= Extracted data entries =
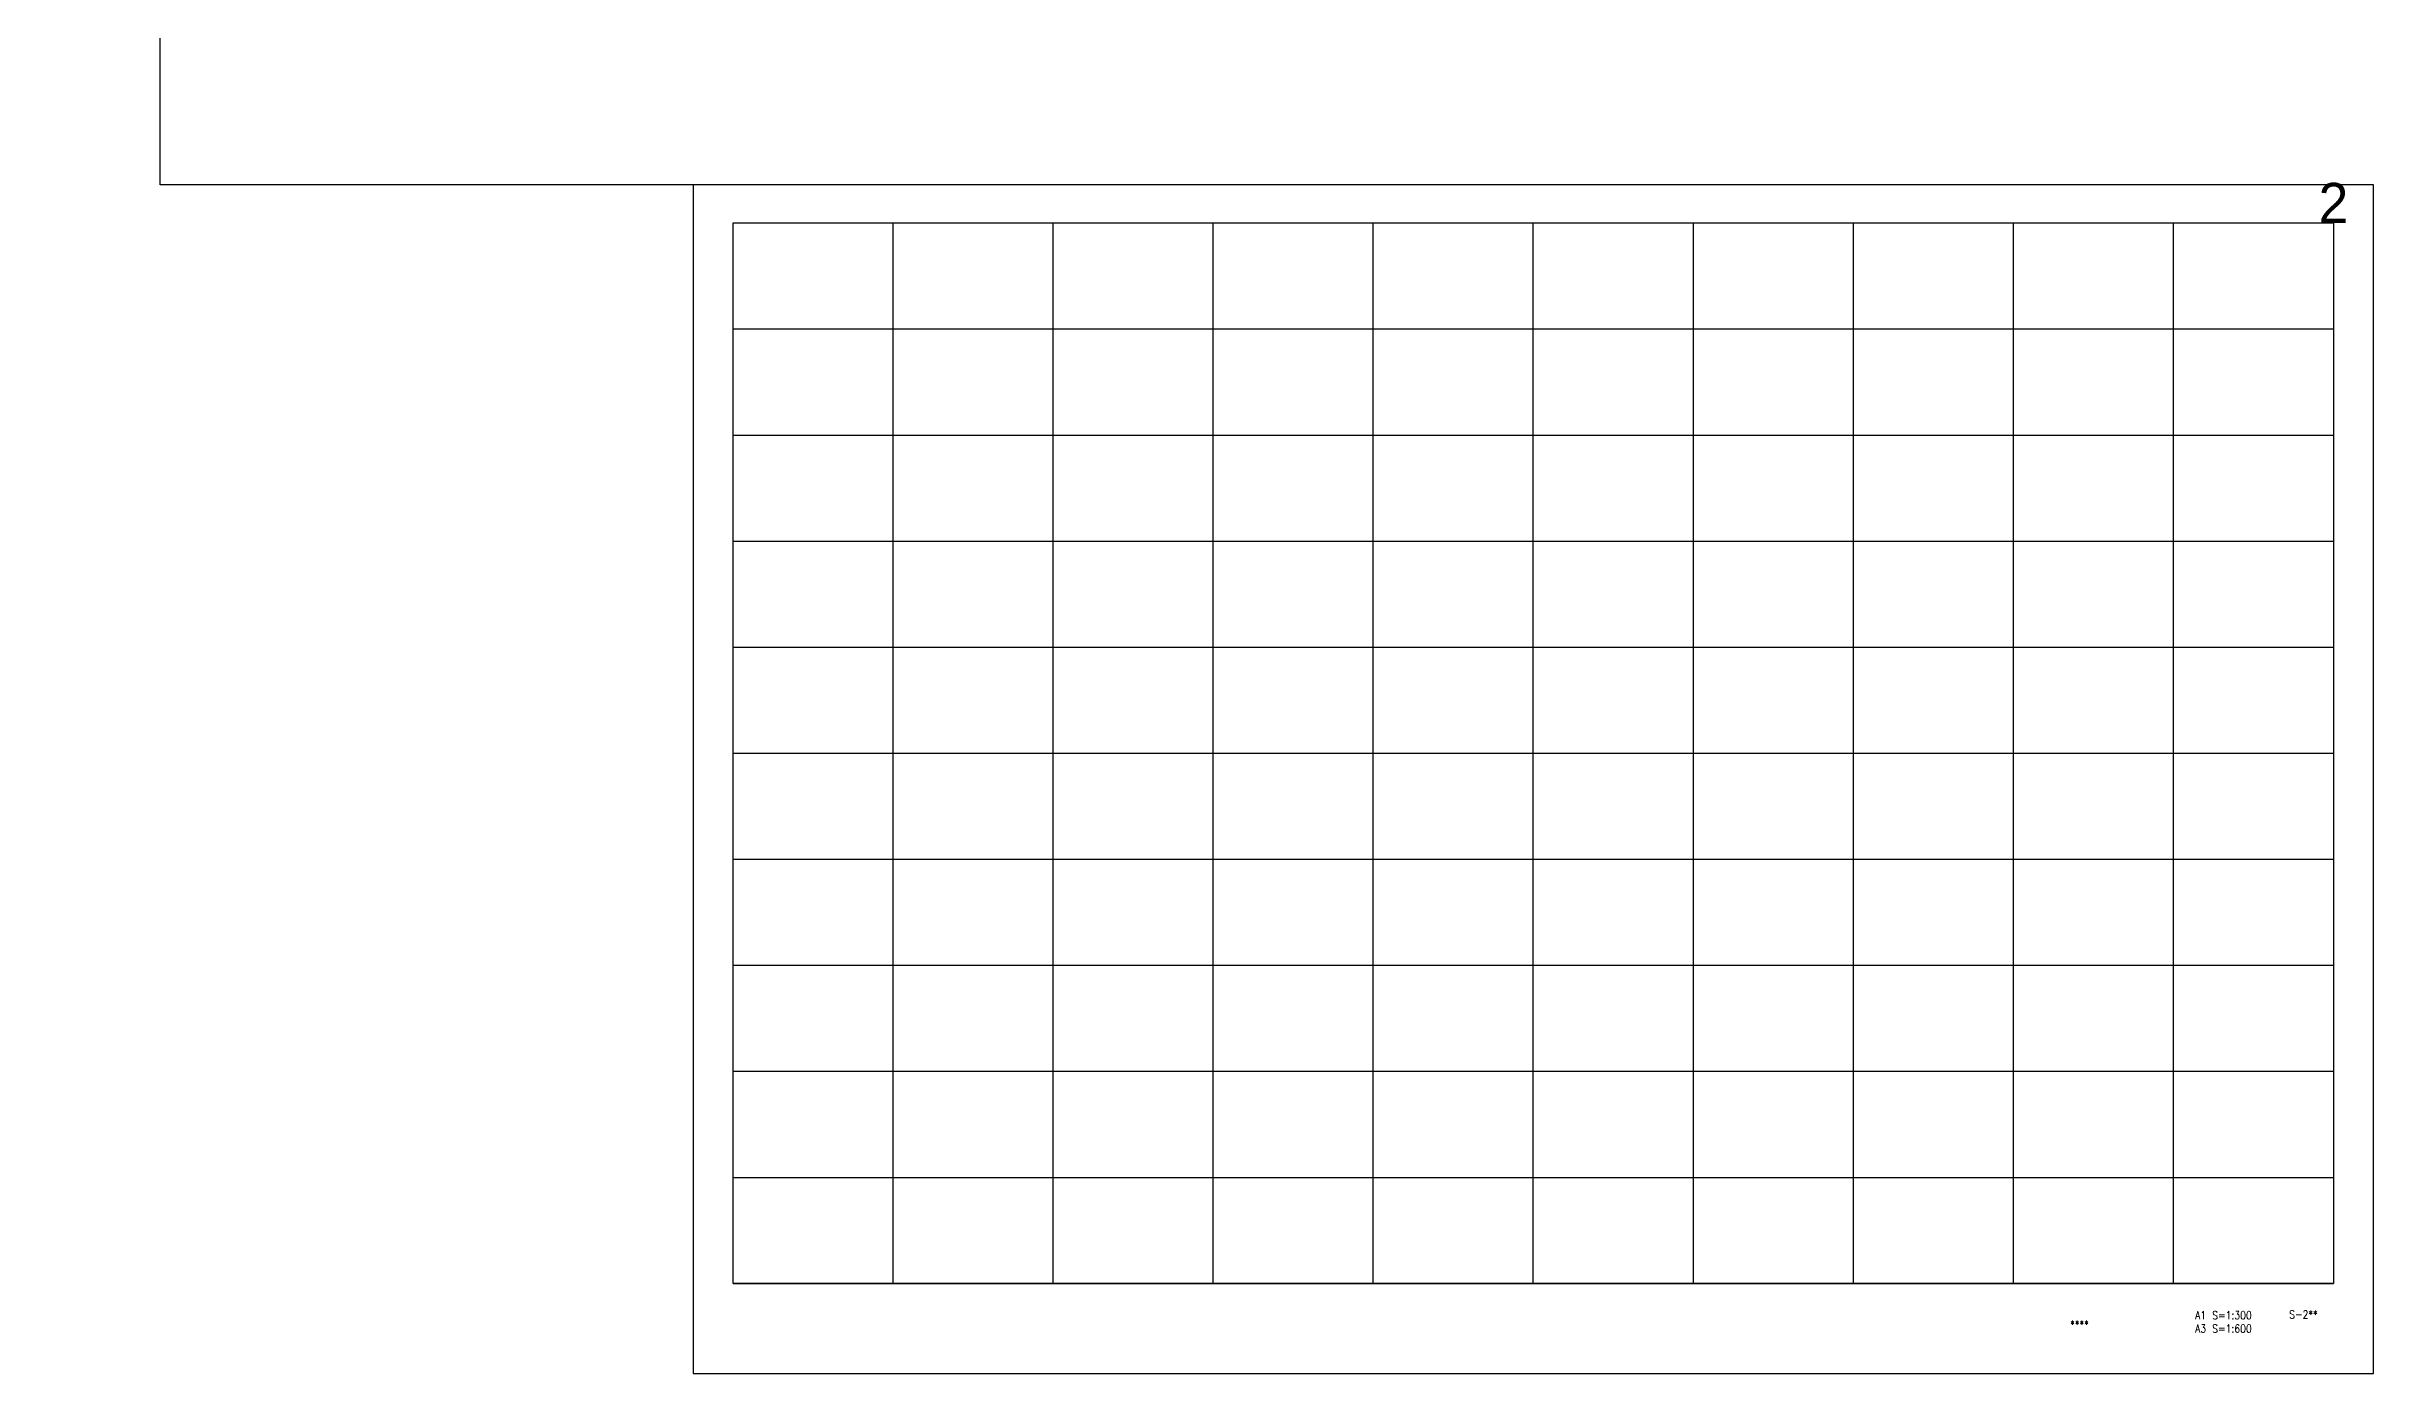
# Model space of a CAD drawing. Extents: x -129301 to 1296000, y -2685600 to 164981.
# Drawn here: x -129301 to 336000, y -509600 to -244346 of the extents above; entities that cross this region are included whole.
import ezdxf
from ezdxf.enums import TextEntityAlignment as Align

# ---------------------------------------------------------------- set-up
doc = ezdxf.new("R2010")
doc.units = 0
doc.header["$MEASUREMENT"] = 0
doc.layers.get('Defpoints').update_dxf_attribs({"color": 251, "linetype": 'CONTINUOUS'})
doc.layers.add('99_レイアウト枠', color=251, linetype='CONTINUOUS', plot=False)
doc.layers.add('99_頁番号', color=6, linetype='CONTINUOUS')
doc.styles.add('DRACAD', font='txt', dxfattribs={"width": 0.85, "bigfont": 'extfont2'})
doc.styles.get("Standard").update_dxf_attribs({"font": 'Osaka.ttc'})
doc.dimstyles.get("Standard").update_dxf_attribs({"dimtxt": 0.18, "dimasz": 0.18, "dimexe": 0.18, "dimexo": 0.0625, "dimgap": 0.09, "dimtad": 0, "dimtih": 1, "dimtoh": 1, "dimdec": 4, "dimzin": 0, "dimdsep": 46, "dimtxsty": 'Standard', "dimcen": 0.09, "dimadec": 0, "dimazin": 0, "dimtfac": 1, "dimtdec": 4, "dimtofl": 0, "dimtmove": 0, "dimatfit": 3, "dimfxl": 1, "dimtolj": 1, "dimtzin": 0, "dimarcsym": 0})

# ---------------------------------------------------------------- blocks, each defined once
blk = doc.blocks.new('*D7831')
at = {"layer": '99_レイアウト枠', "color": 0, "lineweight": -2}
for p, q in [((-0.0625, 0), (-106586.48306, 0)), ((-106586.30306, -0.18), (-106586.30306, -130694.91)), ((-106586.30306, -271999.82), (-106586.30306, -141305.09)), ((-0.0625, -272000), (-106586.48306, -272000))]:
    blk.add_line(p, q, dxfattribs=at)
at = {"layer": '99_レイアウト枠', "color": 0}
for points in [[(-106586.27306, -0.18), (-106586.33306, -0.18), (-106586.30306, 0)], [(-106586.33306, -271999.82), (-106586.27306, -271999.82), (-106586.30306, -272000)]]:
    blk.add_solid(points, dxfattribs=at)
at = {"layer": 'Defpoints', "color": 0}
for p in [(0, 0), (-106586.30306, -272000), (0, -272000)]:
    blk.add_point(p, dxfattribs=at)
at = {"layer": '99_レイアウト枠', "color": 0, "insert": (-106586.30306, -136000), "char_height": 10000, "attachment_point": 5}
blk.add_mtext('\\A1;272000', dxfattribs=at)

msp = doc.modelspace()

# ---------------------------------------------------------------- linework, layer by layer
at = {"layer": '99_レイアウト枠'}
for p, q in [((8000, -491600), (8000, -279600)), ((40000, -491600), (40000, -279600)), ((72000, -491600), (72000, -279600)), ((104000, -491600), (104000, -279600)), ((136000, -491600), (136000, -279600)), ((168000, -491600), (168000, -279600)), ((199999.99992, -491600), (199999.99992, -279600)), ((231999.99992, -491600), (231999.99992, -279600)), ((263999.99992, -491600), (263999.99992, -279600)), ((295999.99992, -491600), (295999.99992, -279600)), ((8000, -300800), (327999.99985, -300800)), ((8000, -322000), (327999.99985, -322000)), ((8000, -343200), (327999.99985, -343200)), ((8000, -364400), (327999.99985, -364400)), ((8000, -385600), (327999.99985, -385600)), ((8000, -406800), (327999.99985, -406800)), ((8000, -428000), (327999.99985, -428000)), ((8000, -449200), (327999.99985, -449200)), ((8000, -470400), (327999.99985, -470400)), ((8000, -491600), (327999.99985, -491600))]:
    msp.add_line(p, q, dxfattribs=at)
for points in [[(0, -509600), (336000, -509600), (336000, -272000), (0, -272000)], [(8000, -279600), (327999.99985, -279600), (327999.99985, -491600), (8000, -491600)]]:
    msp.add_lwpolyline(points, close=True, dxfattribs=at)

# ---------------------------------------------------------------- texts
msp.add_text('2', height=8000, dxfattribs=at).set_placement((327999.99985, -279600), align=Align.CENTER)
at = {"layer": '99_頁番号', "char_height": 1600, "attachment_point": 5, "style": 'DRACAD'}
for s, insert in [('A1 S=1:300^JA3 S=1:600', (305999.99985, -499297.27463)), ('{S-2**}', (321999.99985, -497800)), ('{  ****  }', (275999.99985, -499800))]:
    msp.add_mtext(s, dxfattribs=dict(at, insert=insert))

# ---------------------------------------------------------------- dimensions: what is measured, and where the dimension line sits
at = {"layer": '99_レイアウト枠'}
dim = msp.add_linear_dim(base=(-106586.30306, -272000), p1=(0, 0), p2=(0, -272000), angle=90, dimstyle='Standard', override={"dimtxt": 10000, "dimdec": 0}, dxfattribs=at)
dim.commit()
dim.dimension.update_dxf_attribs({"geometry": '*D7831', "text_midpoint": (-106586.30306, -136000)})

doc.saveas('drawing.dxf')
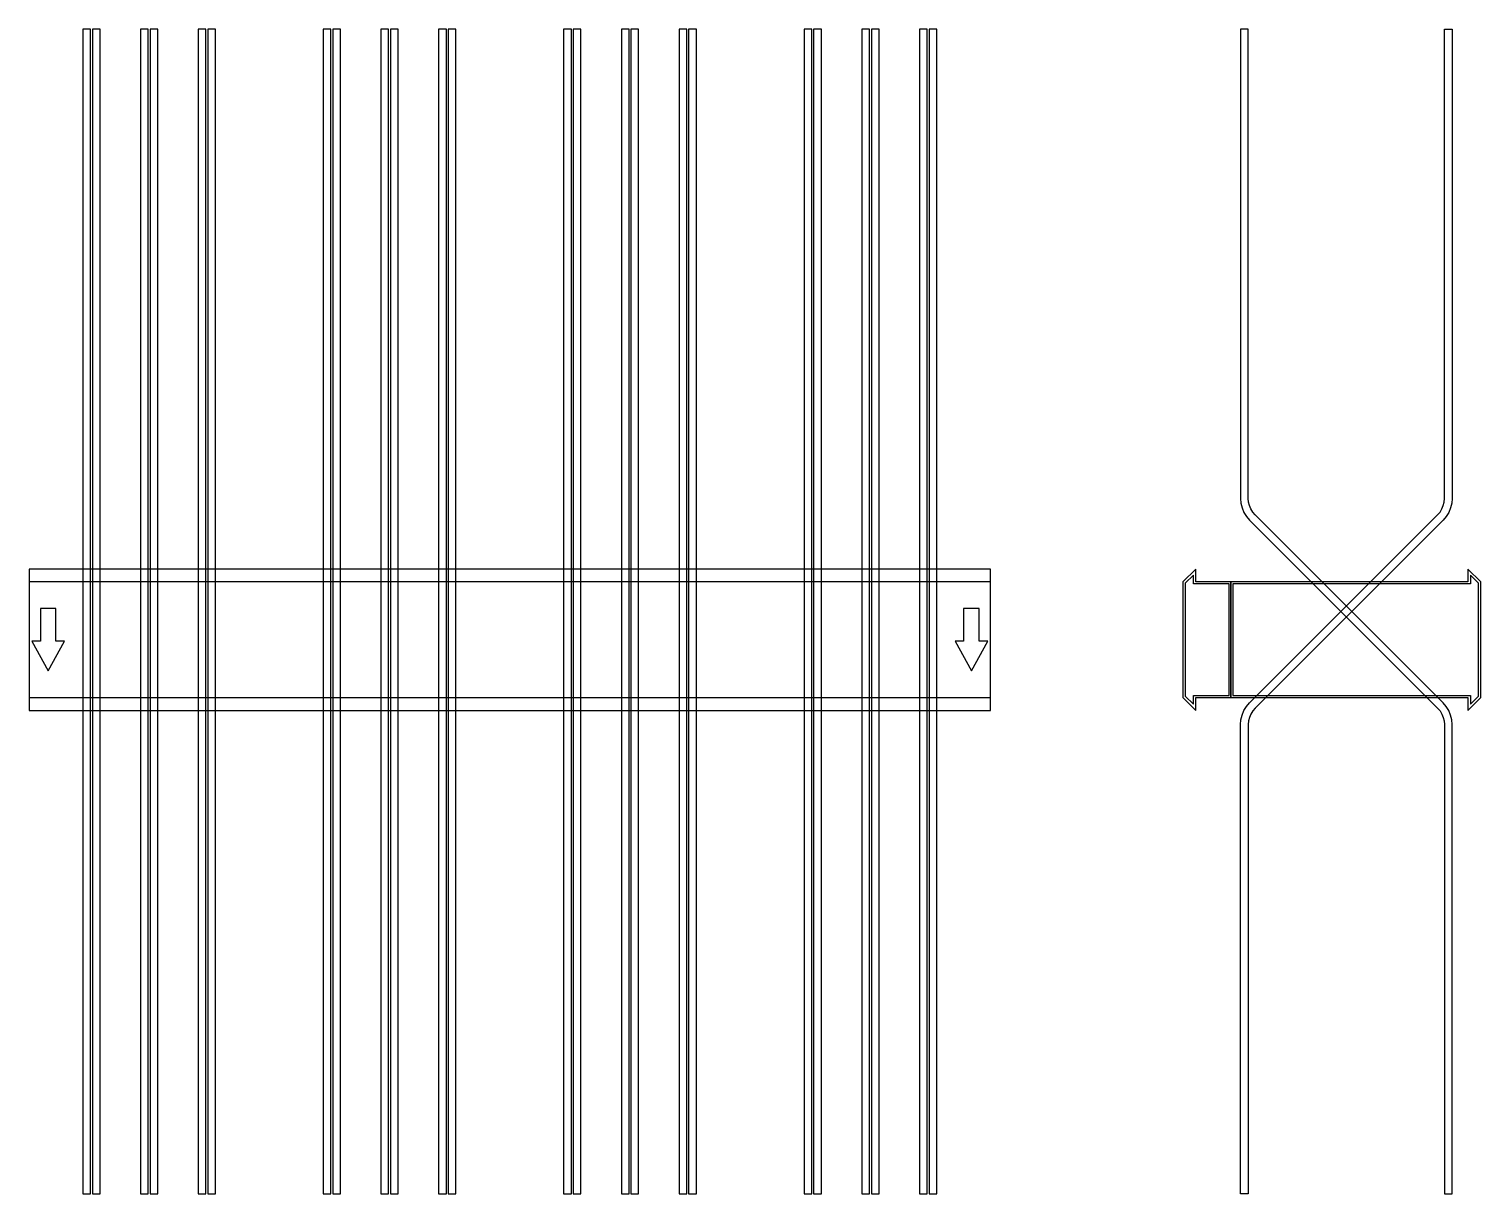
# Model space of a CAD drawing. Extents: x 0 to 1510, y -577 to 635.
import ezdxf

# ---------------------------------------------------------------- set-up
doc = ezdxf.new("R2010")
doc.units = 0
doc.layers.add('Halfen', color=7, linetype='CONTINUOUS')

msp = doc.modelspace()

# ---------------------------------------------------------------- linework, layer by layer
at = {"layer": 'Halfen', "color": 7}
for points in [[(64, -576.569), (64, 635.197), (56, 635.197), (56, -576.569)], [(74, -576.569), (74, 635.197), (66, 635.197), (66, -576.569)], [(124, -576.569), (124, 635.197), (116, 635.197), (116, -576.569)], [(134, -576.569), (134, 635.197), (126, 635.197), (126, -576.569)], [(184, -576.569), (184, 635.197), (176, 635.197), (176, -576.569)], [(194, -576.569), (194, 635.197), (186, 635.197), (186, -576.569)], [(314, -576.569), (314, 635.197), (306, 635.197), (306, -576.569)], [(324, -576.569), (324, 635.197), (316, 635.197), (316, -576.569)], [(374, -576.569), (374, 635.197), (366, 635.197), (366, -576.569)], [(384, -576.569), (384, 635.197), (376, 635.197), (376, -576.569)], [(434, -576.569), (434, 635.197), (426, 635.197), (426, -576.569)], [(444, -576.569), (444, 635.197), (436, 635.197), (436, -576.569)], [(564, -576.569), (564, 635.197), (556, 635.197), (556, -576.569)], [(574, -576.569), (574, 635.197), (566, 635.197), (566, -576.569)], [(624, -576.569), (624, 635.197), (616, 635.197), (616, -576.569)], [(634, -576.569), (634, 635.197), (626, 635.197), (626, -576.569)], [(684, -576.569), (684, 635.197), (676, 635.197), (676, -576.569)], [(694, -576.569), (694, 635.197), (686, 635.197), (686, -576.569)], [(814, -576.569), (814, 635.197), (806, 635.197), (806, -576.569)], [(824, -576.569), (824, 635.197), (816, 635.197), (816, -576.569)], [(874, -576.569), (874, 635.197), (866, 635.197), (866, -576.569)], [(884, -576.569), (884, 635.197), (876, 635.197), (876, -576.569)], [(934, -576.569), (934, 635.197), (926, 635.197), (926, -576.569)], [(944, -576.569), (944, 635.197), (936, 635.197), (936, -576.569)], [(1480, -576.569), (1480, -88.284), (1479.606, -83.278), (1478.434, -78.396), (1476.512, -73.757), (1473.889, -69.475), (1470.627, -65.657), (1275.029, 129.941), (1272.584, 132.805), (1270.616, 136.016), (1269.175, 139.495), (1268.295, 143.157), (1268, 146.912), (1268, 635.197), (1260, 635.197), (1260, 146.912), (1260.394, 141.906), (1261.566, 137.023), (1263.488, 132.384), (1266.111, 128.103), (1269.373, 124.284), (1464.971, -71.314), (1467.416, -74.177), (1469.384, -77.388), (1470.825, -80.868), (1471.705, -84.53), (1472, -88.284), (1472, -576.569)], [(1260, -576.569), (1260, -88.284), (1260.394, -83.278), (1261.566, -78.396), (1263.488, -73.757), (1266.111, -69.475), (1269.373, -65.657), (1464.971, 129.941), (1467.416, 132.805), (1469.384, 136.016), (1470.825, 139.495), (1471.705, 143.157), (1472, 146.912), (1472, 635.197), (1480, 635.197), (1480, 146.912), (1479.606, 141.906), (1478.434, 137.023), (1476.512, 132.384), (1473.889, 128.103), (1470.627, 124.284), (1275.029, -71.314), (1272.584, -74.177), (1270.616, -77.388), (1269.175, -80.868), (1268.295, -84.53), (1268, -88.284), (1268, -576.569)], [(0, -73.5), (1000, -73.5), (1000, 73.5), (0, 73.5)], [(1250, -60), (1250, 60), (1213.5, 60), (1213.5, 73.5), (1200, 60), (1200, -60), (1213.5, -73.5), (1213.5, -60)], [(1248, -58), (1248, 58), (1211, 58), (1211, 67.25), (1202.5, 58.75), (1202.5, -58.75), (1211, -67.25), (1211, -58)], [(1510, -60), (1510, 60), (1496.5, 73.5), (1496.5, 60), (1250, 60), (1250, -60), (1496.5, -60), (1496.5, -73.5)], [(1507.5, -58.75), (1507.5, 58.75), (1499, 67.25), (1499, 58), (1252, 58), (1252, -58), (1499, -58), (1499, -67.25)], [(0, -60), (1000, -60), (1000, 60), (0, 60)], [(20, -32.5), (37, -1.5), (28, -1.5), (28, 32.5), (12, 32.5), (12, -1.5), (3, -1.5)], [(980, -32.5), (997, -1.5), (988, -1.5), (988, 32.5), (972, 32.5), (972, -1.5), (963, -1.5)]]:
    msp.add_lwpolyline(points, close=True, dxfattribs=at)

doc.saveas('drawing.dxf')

= The problem =
Find and copy each line above that includes the string "insert".

= Output of the exercise =
at = {"layer": '99_レイアウト枠', "color": 0, "insert": (-106586.30306, -136000), "char_height": 10000, "attachment_point": 5}
for s, insert in [('A1 S=1:300^JA3 S=1:600', (305999.99985, -499297.27463)), ('{S-2**}', (321999.99985, -497800)), ('{  ****  }', (275999.99985, -499800))]:
    msp.add_mtext(s, dxfattribs=dict(at, insert=insert))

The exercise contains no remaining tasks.